If you prefer capsules, Maca Power comes in vegi-caps, non gelatin capsules that are easy to take – wherever you are, great for people on the go with busy schedules.
How soon will I see results?
Each individual is different, some women experience decreased hot flashes within days of taking Peruvian Maca root while others may take weeks to fine tune the hormonal system – it depends on the condition of your body. But be patient! The results are worth it.
Maca Root Active Ingredients:
- Alkaloids
- Trypterphene
- Phenolic compounds
- Flavonoids and/or coimarins
- Tannins
- Glycosides
- Saponins
- Free amino acids
- Secondary aliphatic amines
- Tertiary amines
- 2 groups of novel compounds — the macamides, and the macaenes (these agents are believed to be directly responsible for maca’s sex-boosting powers)
- Maca Root Powder Nutrition – 10% protein, 60% carbohydrates and fatty acids.
Note: Maca Power contains 14.6% protein. This is because the amino acid proteins have not been denatured at any stage of the processing.
Maca Q & A
1. WHAT CAN MACA ROOT DO FOR YOU? Maca root has a wide range of benefits all aimed at enhancing the endocrine system’s ability to act in the most efficient manner it is capable of so as to avoid breakdowns that wreak havoc on the body. Hormonal regulation is responsible for many positive attributes that allow our systems to enjoy a variety of sensations including energy, libido, sexual arousal, fertility, athletic performance, and so much more. Maca is an adaptogen, which means that it raises the body’s response to defend itself against disease both physically and emotionally. It functions to support an area that might be deficient such as exhausted adrenal or pituitary glands that are so integral to proper endocrine function. Many people derive a variety of benefits from taking Maca Power honoring the individual’s specific needs or deficiencies. See More Maca Information
2. WHY DOES MACA ROOT HAVE DIFFERENT NAMES? Maca root was originally identified in the 1800’s by a German botanist who named it “Lepidium Meyenii, Walpers” (after himself) – still the ONLY name officially recognized by the Peruvian government today.

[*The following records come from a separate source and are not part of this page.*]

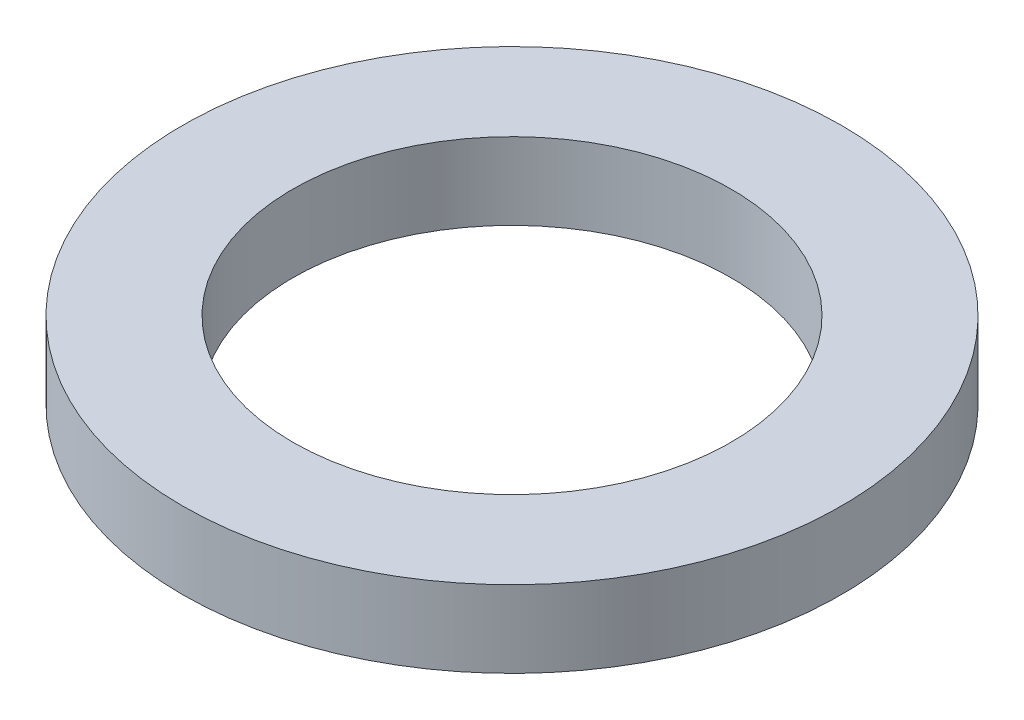
from build123d import *

# Parameters (mm, degrees)
SKETCH1_W = 13.6779
SKETCH1_H = 9.525


with BuildPart() as part:
    # Sketch1 → Revolve1 (revolve)
    with BuildSketch(Plane.XY):
        with Locations((34.01695, -4.7625)):
            Rectangle(SKETCH1_W, SKETCH1_H)
    revolve(axis=Axis((0, 22.709640493, 0), (0, -1, 0)))


solid = part.part

From the 1960’s, a research worker investigating Maca’s constituents attempted to rename Maca after herself, hence “Lepidium peruvianum, Chacon”. Some suppliers use this confusion as a clever marketing ploy to claim an ‘exclusive therapeutic’ species. DON’T BE FOOLED!! See More Maca History
3. SO ARE THERE DIFFERENT SPECIES OF MACA ROOT? There is only one species that is grown commercially for harvest. Like many other everyday foods, there is a plant that grows wild, but it has no dollar value. Remember, many of our common foods have ‘wild cousins’; for example, bush lemons and wild strawberries.
4. HOW DO I KNOW WHICH MACA BRAND IS THE BEST QUALITY? CERTIFIED ORGANIC Maca Root is your only guarantee. Read the label – high protein count is a great indicator of optimal growing conditions and careful processing. Maca is a carbohydrate root vegetable, so a light color and sweet taste means that the aminos, vitamins, minerals, essential fatty acids and other nutrients have been better preserved.
5. HOW MUCH MACA ROOT POWDER SHOULD I TAKE? Maca root is a food and therefore should not be used in extremely small quantities. For it to be effective and to achieve results, proper dosages should be followed. In keeping with original ancestral Peruvian dosages, you should mix 3/4 to 1 teaspoon of Maca into smoothies, yogurt, herbal teas, fruit juices, etc. Or if you are using our MACA POWER& Vegetarian Capsules take 2 to 6 500mg Capsules per day or as directed by your health practitioner.
6. HOW DO I STORE MACA ROOT POWDER? It is best store Maca Root Powder in dark dry cupboard. Some people store it in the refridgerator but this is not necessary but some feel it keeps the powder fresh and the consistency lighter.
7. IS MACA ROOT SAFE? Yes. There are no reports that Maca has any level of toxicity.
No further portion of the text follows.